# Morgan - 4K Blu-ray Review



## Mike Edwards (Mar 10, 2011)

[img]http://www.hometheatershack.com/gallery/file.php?n=86474[/img] 
*Title: Morgan* 

*Movie:* :3stars:
*Video:* :4.5stars:
*Audio:* :4.5stars: 
*Extras:* :2.5stars: 

*HTS Overall Score:*80




[img]http://www.hometheatershack.com/gallery/file.php?n=86490[/img]*Summary* 
You’d think by now that human beings would stop trying to build a better human. The notion of human’s hubris and delusion in thinking they can create life is something that has been explored in film for generations. There’s always been a variation of “It’s alive!” in Science fiction, but nothing is more egregious in trying to take “god” like powers into your own and create something from nothing. It just NEVER ends well. Both in reality and in fiction. We all know about Victor Frankenstein’s attempt at life giving and the consequences he reaped, but there has been countless other adaptations of that same philosophy. The errors of trying to create a “better” human inevitably turn against their finite masters. “Serenity”/”Firefly” and the reapers, “Ex Machina”, and the like ALL have one thing in common. The created turns against the imperfect creator that created it. Luke Scott makes his directorial debut with his father, Ridley Scott, acting as producer on the project, and the results are….well….rather generic.

Taking elements of “Hannah”, “Ex Machina”, and “The Bourne Identity”, Scott crafts a story about a group of scientists who are working for some mysterious “corporation” and trying to create an artificially created human with superhuman abilities. The film immediately starts upon tragedy. Morgan (Anya Taylor-Joy) turned on one of the scientists overseeing the experiment and created quite a hullabaloo. Corporate has sent in a risk/loss analyst named Lee Weathers (Kate Mara to evaluate the situation and decide whether Morgan needs to be terminated or if the project can go ahead. Lee is immediately met with hostility by the isolated group of scientists as she is seen as a corporate interloper who is there to destroy their lives work. Morgan is also seemingly innocent. She looks and acts human and her remorse for the attack on Dr. Kathy Grief (Jennifer Jason Leigh) is apparently heartfelt. The young humanoid has taken up a wonderful relationship with Dr. Amer Menser (Rose Leslie), and the two are nearly inseparable, but Lee is not so certain that things are kosher despite the lull in the storm.

Another “accident” in the facility (involving a psychologist played by Paul Giamatti in a fairly vivid sequence) turns the entire experiment upside down. With such violations in such a short amount of time, Lee Weather does the only thing she can do. Terminate Morgan before it’s too late. The only problem is, Morgan doesn’t want to let go of the life she has, and ever her friends will not be enough to stand in the young girl’s way.

[img]http://www.hometheatershack.com/gallery/file.php?n=86498[/img]You can definitely tell that director Luke Scott has taken many queues from his father’s work.
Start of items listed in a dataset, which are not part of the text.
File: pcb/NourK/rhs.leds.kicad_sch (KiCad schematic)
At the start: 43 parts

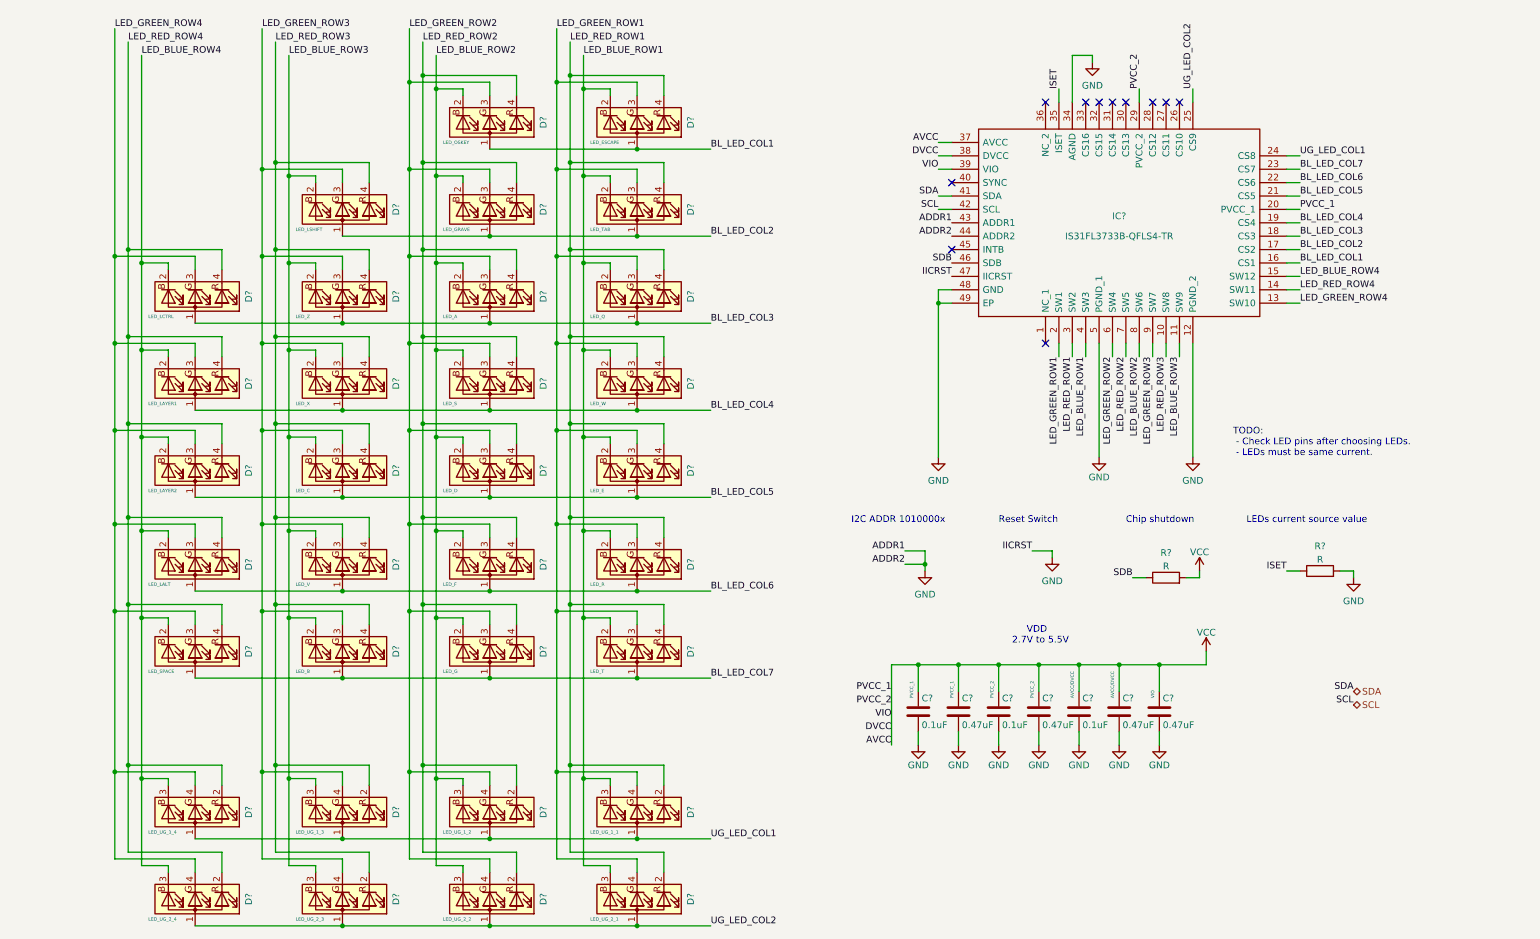
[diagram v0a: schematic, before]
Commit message: Add RHS schematics sheets
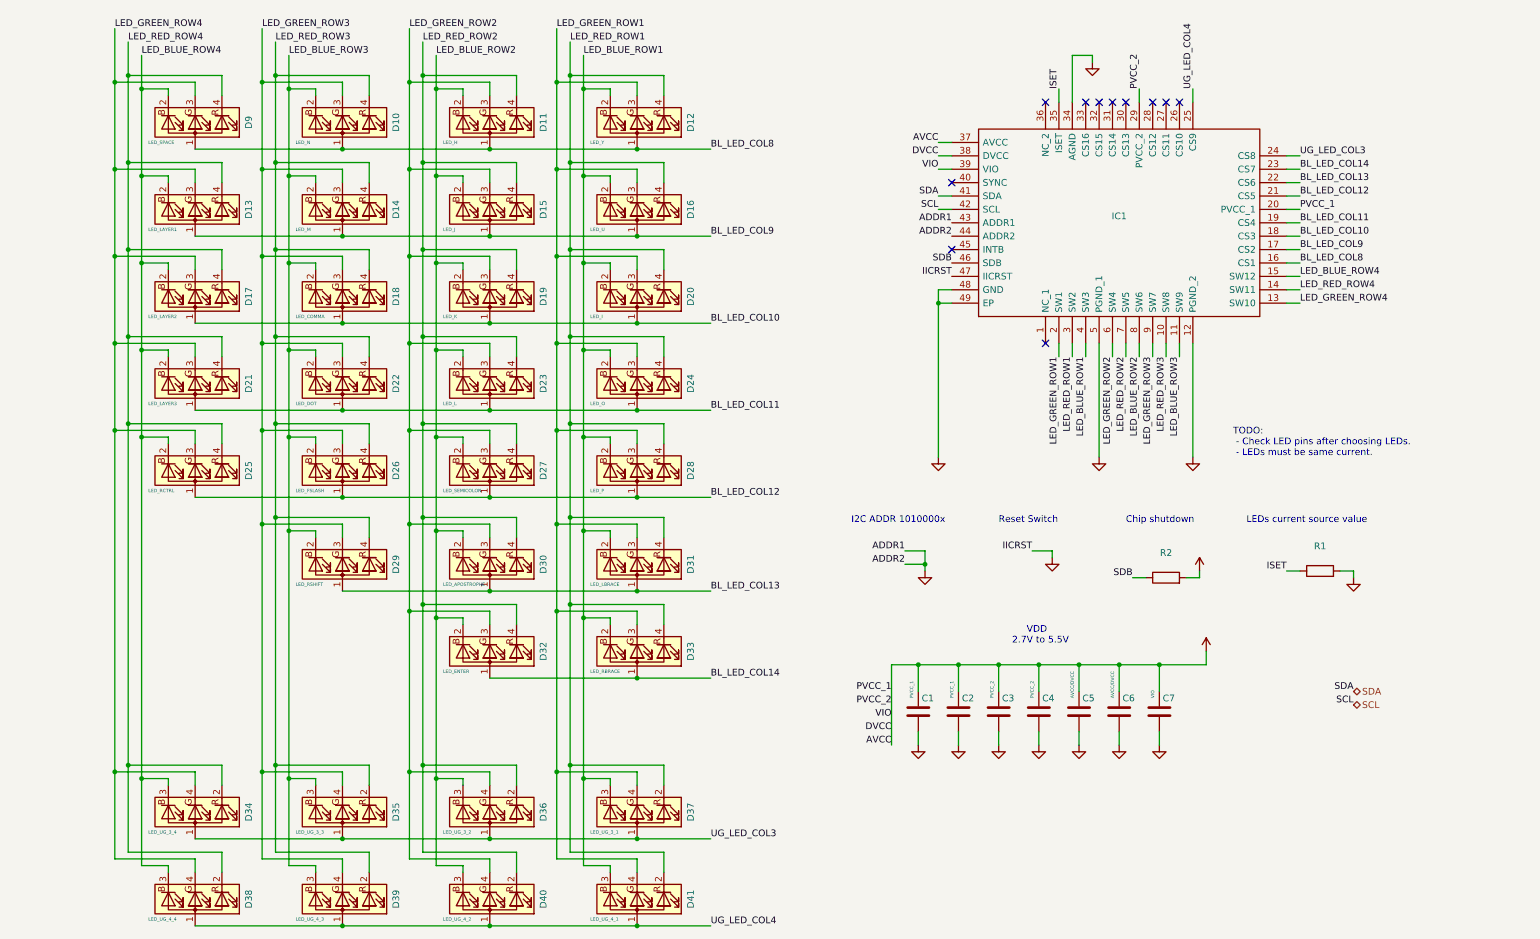
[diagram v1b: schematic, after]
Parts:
- removed C? (x3): 0.1uF, Capacitor_SMD:C_0805_2012Metric, symbol Device:C
- removed C? (x4): 0.47uF, Capacitor_SMD:C_0805_2012Metric, symbol Device:C
- removed D?: LED_LCTRL, Nour_KB:155124M173200, symbol Device:LED_ABGR
- removed D?: LED_SPACE, Nour_KB:155124M173200, symbol Device:LED_ABGR
- removed D?: LED_LALT, Nour_KB:155124M173200, symbol Device:LED_ABGR
- removed D?: LED_UG_2_2, Nour_KB:LTRBR37G4R4S012502R18, symbol Device:LED_ARBG
- removed D?: LED_E, Nour_KB:155124M173200, symbol Device:LED_ABGR
- removed D?: LED_LAYER1, Nour_KB:155124M173200, symbol Device:LED_ABGR
- removed D?: LED_C, Nour_KB:155124M173200, symbol Device:LED_ABGR
- removed D?: LED_UG_1_1, Nour_KB:LTRBR37G4R4S012502R18, symbol Device:LED_ARBG
- removed D?: LED_F, Nour_KB:155124M173200, symbol Device:LED_ABGR
- removed D?: LED_R, Nour_KB:155124M173200, symbol Device:LED_ABGR
- removed D?: LED_UG_2_4, Nour_KB:LTRBR37G4R4S012502R18, symbol Device:LED_ARBG
- removed D?: LED_V, Nour_KB:155124M173200, symbol Device:LED_ABGR
- removed D?: LED_UG_2_1, Nour_KB:LTRBR37G4R4S012502R18, symbol Device:LED_ARBG
- removed D?: LED_UG_1_3, Nour_KB:LTRBR37G4R4S012502R18, symbol Device:LED_ARBG
- removed D?: LED_ESCAPE, Nour_KB:155124M173200, symbol Device:LED_ABGR
- removed D?: LED_UG_1_4, Nour_KB:LTRBR37G4R4S012502R18, symbol Device:LED_ARBG
- removed D?: LED_D, Nour_KB:155124M173200, symbol Device:LED_ABGR
- removed D?: LED_UG_2_3, Nour_KB:LTRBR37G4R4S012502R18, symbol Device:LED_ARBG
- removed D?: LED_B, Nour_KB:155124M173200, symbol Device:LED_ABGR
- removed D?: LED_UG_1_2, Nour_KB:LTRBR37G4R4S012502R18, symbol Device:LED_ARBG
- removed D?: LED_LAYER2, Nour_KB:155124M173200, symbol Device:LED_ABGR
- removed D?: LED_Q, Nour_KB:155124M173200, symbol Device:LED_ABGR
- removed D?: LED_TAB, Nour_KB:155124M173200, symbol Device:LED_ABGR
- removed D?: LED_S, Nour_KB:155124M173200, symbol Device:LED_ABGR
- removed D?: LED_OSKEY, Nour_KB:155124M173200, symbol Device:LED_ABGR
- removed D?: LED_W, Nour_KB:155124M173200, symbol Device:LED_ABGR
- removed D?: LED_GRAVE, Nour_KB:155124M173200, symbol Device:LED_ABGR
- removed D?: LED_G, Nour_KB:155124M173200, symbol Device:LED_ABGR
- removed D?: LED_LSHIFT, Nour_KB:155124M173200, symbol Device:LED_ABGR
- removed D?: LED_T, Nour_KB:155124M173200, symbol Device:LED_ABGR
- removed D?: LED_Z, Nour_KB:155124M173200, symbol Device:LED_ABGR
- removed D?: LED_X, Nour_KB:155124M173200, symbol Device:LED_ABGR
- removed D?: LED_A, Nour_KB:155124M173200, symbol Device:LED_ABGR
- removed IC?: IS31FL3733B-QFLS4-TR, Nour_KB:QFN40P600X600X80-49N-D, symbol Nour_KB:IS31FL3733B-QFLS4-TR
- removed R? (x2): R, Resistor_SMD:R_0805_2012Metric, symbol Device:R
- added C1, C2, C3, C4, C5, C6, C7: (no value), symbol Device:C
- added D10: LED_N, symbol Device:LED_ABGR
- added D11: LED_H, symbol Device:LED_ABGR
- added D12: LED_Y, symbol Device:LED_ABGR
- added D13: LED_LAYER1, symbol Device:LED_ABGR
- added D14: LED_M, symbol Device:LED_ABGR
- added D15: LED_J, symbol Device:LED_ABGR
- added D16: LED_U, symbol Device:LED_ABGR
- added D17: LED_LAYER2, symbol Device:LED_ABGR
- added D18: LED_COMMA, symbol Device:LED_ABGR
- added D19: LED_K, symbol Device:LED_ABGR
- added D20: LED_I, symbol Device:LED_ABGR
- added D21: LED_LAYER3, symbol Device:LED_ABGR
- added D22: LED_DOT, symbol Device:LED_ABGR
- added D23: LED_L, symbol Device:LED_ABGR
- added D24: LED_O, symbol Device:LED_ABGR
- added D25: LED_RCTRL, symbol Device:LED_ABGR
- added D26: LED_FSLASH, symbol Device:LED_ABGR
- added D27: LED_SEMICOLON, symbol Device:LED_ABGR
- added D28: LED_P, symbol Device:LED_ABGR
- added D29: LED_RSHIFT, symbol Device:LED_ABGR
- added D30: LED_APOSTROPHE, symbol Device:LED_ABGR
- added D31: LED_LBRACE, symbol Device:LED_ABGR
- added D32: LED_ENTER, symbol Device:LED_ABGR
- added D33: LED_RBRACE, symbol Device:LED_ABGR
- added D34: LED_UG_3_4, symbol Device:LED_ARBG
- added D35: LED_UG_3_3, symbol Device:LED_ARBG
- added D36: LED_UG_3_2, symbol Device:LED_ARBG
- added D37: LED_UG_3_1, symbol Device:LED_ARBG
- added D38: LED_UG_4_4, symbol Device:LED_ARBG
- added D39: LED_UG_4_3, symbol Device:LED_ARBG
- added D40: LED_UG_4_2, symbol Device:LED_ARBG
- added D41: LED_UG_4_1, symbol Device:LED_ARBG
- added D9: LED_SPACE, symbol Device:LED_ABGR
- added IC1: (no value), symbol Nour_KB:IS31FL3733B-QFLS4-TR
- added R1, R2: (no value), symbol Device:R
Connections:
- net GND: now also C1.2, C2.2, C3.2, C4.2, C5.2, C6.2, C7.2, IC1.12 (PGND_2), IC1.34 (AGND), IC1.43 (ADDR1), IC1.44 (ADDR2), IC1.47 (IICRST), IC1.48 (GND), IC1.49 (EP), IC1.5 (PGND_1), R1.2
- net ISET: now also IC1.35 (ISET), R1.1
- net LED_BLUE_ROW1: now also D12.2 (BK), D16.2 (BK), D20.2 (BK), D24.2 (BK), D28.2 (BK), D31.2 (BK), D33.2 (BK), D37.3 (BK), D41.3 (BK), IC1.4 (SW3)
- net LED_BLUE_ROW2: now also D11.2 (BK), D15.2 (BK), D19.2 (BK), D23.2 (BK), D27.2 (BK), D30.2 (BK), D32.2 (BK), D36.3 (BK), D40.3 (BK), IC1.8 (SW6)
- net LED_BLUE_ROW3: now also D10.2 (BK), D14.2 (BK), D18.2 (BK), D22.2 (BK), D26.2 (BK), D29.2 (BK), D35.3 (BK), D39.3 (BK), IC1.11 (SW9)
- net LED_BLUE_ROW4: now also D13.2 (BK), D17.2 (BK), D21.2 (BK), D25.2 (BK), D34.3 (BK), D38.3 (BK), D9.2 (BK), IC1.15 (SW12)
- net LED_GREEN_ROW1: now also D12.3 (GK), D16.3 (GK), D20.3 (GK), D24.3 (GK), D28.3 (GK), D31.3 (GK), D33.3 (GK), D37.4 (GK), D41.4 (GK), IC1.2 (SW1)
- net LED_GREEN_ROW2: now also D11.3 (GK), D15.3 (GK), D19.3 (GK), D23.3 (GK), D27.3 (GK), D30.3 (GK), D32.3 (GK), D36.4 (GK), D40.4 (GK), IC1.6 (SW4)
- net LED_GREEN_ROW3: now also D10.3 (GK), D14.3 (GK), D18.3 (GK), D22.3 (GK), D26.3 (GK), D29.3 (GK), D35.4 (GK), D39.4 (GK), IC1.9 (SW7)
- net LED_GREEN_ROW4: now also D13.3 (GK), D17.3 (GK), D21.3 (GK), D25.3 (GK), D34.4 (GK), D38.4 (GK), D9.3 (GK), IC1.13 (SW10)
- net LED_RED_ROW1: now also D12.4 (RK), D16.4 (RK), D20.4 (RK), D24.4 (RK), D28.4 (RK), D31.4 (RK), D33.4 (RK), D37.2 (RK), D41.2 (RK), IC1.3 (SW2)
- net LED_RED_ROW2: now also D11.4 (RK), D15.4 (RK), D19.4 (RK), D23.4 (RK), D27.4 (RK), D30.4 (RK), D32.4 (RK), D36.2 (RK), D40.2 (RK), IC1.7 (SW5)
- net LED_RED_ROW3: now also D10.4 (RK), D14.4 (RK), D18.4 (RK), D22.4 (RK), D26.4 (RK), D29.4 (RK), D35.2 (RK), D39.2 (RK), IC1.10 (SW8)
- net LED_RED_ROW4: now also D13.4 (RK), D17.4 (RK), D21.4 (RK), D25.4 (RK), D34.2 (RK), D38.2 (RK), D9.4 (RK), IC1.14 (SW11)
- net SCL: now also IC1.42 (SCL)
- net SDA: now also IC1.41 (SDA)
- net SDB: now also IC1.46 (SDB), R2.1
- net VCC: now also C1.1, C2.1, C3.1, C4.1, C5.1, C6.1, C7.1, IC1.20 (PVCC_1), IC1.29 (PVCC_2), IC1.37 (AVCC), IC1.38 (DVCC), IC1.39 (VIO), R2.2
- new net BL_LED_COL10: D17.1 (A), D18.1 (A), D19.1 (A), D20.1 (A), IC1.18 (CS3)
- new net BL_LED_COL11: D21.1 (A), D22.1 (A), D23.1 (A), D24.1 (A), IC1.19 (CS4)
- new net BL_LED_COL12: D25.1 (A), D26.1 (A), D27.1 (A), D28.1 (A), IC1.21 (CS5)
- new net BL_LED_COL13: D29.1 (A), D30.1 (A), D31.1 (A), IC1.22 (CS6)
- new net BL_LED_COL14: D32.1 (A), D33.1 (A), IC1.23 (CS7)
- new net BL_LED_COL8: D10.1 (A), D11.1 (A), D12.1 (A), D9.1 (A), IC1.16 (CS1)
- new net BL_LED_COL9: D13.1 (A), D14.1 (A), D15.1 (A), D16.1 (A), IC1.17 (CS2)
- new net UG_LED_COL3: D34.1 (A), D35.1 (A), D36.1 (A), D37.1 (A), IC1.24 (CS8)
- new net UG_LED_COL4: D38.1 (A), D39.1 (A), D40.1 (A), D41.1 (A), IC1.25 (CS9)

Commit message: Draft LHS tracks
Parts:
- removed C1, C2, C3, C4, C5, C6, C7: (no value), symbol Device:C
- removed IC1: (no value), symbol Nour_KB:IS31FL3733B-QFLS4-TR
- removed R1, R2: (no value), symbol Device:R
- D10: renamed from D11; footprint (none) -> Nour_KB:155124M173200
- D11: renamed from D10; footprint (none) -> Nour_KB:155124M173200
- D12: renamed from D9; footprint (none) -> Nour_KB:155124M173200
- D13: renamed from D16; footprint (none) -> Nour_KB:155124M173200
- D14: renamed from D15; footprint (none) -> Nour_KB:155124M173200
- D15: renamed from D14; footprint (none) -> Nour_KB:155124M173200
- D16: renamed from D13; footprint (none) -> Nour_KB:155124M173200
- D17: renamed from D20; footprint (none) -> Nour_KB:155124M173200
- D18: renamed from D19; footprint (none) -> Nour_KB:155124M173200
- D19: renamed from D18; footprint (none) -> Nour_KB:155124M173200
- D20: renamed from D17; footprint (none) -> Nour_KB:155124M173200
- D21: renamed from D24; footprint (none) -> Nour_KB:155124M173200
- D22: renamed from D23; footprint (none) -> Nour_KB:155124M173200
- D23: renamed from D22; footprint (none) -> Nour_KB:155124M173200
- D24: renamed from D21; footprint (none) -> Nour_KB:155124M173200
- D25: renamed from D28; footprint (none) -> Nour_KB:155124M173200
- D26: renamed from D27; footprint (none) -> Nour_KB:155124M173200
- D27: renamed from D26; footprint (none) -> Nour_KB:155124M173200
- D28: renamed from D25; footprint (none) -> Nour_KB:155124M173200
- D29: renamed from D31; footprint (none) -> Nour_KB:155124M173200
- D30: footprint (none) -> Nour_KB:155124M173200
- D31: renamed from D29; footprint (none) -> Nour_KB:155124M173200
- D32: renamed from D33; footprint (none) -> Nour_KB:155124M173200
- D33: renamed from D32; footprint (none) -> Nour_KB:155124M173200
- D34: renamed from D37; footprint (none) -> Nour_KB:LTRBR37G4R4S012502R18
- D35: renamed from D36; footprint (none) -> Nour_KB:LTRBR37G4R4S012502R18
- D36: renamed from D35; footprint (none) -> Nour_KB:LTRBR37G4R4S012502R18
- D37: renamed from D34; footprint (none) -> Nour_KB:LTRBR37G4R4S012502R18
- D38: renamed from D41; footprint (none) -> Nour_KB:LTRBR37G4R4S012502R18
- D39: renamed from D40; footprint (none) -> Nour_KB:LTRBR37G4R4S012502R18
- D40: renamed from D39; footprint (none) -> Nour_KB:LTRBR37G4R4S012502R18
- D41: renamed from D38; footprint (none) -> Nour_KB:LTRBR37G4R4S012502R18
- D9: renamed from D12; footprint (none) -> Nour_KB:155124M173200
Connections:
- net BL_LED_COL10 renamed LED.CS_COL3
- net BL_LED_COL11 renamed LED.CS_COL4
- net BL_LED_COL12 renamed LED.CS_COL5
- net BL_LED_COL13 renamed LED.CS_COL6
- net BL_LED_COL14 renamed LED.CS_COL7
- net BL_LED_COL8 renamed LED.CS_COL1
- net BL_LED_COL9 renamed LED.CS_COL2
- net LED_BLUE_ROW1 renamed LED.SW_BLUE1
- net LED_BLUE_ROW2 renamed LED.SW_BLUE2
- net LED_BLUE_ROW3 renamed LED.SW_BLUE3
- net LED_BLUE_ROW4 renamed LED.SW_BLUE4
- net LED_GREEN_ROW1 renamed LED.SW_GREEN1
- net LED_GREEN_ROW2 renamed LED.SW_GREEN2
- net LED_GREEN_ROW3 renamed LED.SW_GREEN3
- net LED_GREEN_ROW4 renamed LED.SW_GREEN4
- net LED_RED_ROW1 renamed LED.SW_RED1
- net LED_RED_ROW2 renamed LED.SW_RED2
- net LED_RED_ROW3 renamed LED.SW_RED3
- net LED_RED_ROW4 renamed LED.SW_RED4
- net UG_LED_COL3 renamed LED.CS_COL8
- net UG_LED_COL4 renamed LED.CS_COL9
- no-connect marks 11 -> 0
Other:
- note removed: "Chip shutdown"
- note removed: "I2C ADDR 1010000x"
- note removed: "LEDs current source value"
- note removed: "Reset Switch"
- note removed: "TODO: - Check LED pins after choosing LEDs. - LEDs must be same current."
- note removed: "VDD 2.7V to 5.5V"
- moved on the sheet: D10, D11, D12, D13, D14, D15, D16, D17, D18, D19, D20, D21

Elements of “Alien”, “Exodus: God’s and Kings” and a myriad other film making nods and wink make their way into this little sci-fi/horror/action movie. The problem is, is that we’ve seen it all before. ALL of this just feels like a retread over a dozen different movies with the same inevitable outcome. The first act of the movie creates a sort of psychological and emotional appeal, with Morgan appearing to be very human and Lee being the “inhuman” one with her cold analysis of the situation. However “Morgan” goes south in the latter half by turning itself into a predictable blood bath of mayhem and chaos with an end “twist” that can be seen coming from a mile and way and is OVER explained in the last scene (yeah I get it, we got it about 15 minutes back, you don’t have to go “see see!!! I told you so!). 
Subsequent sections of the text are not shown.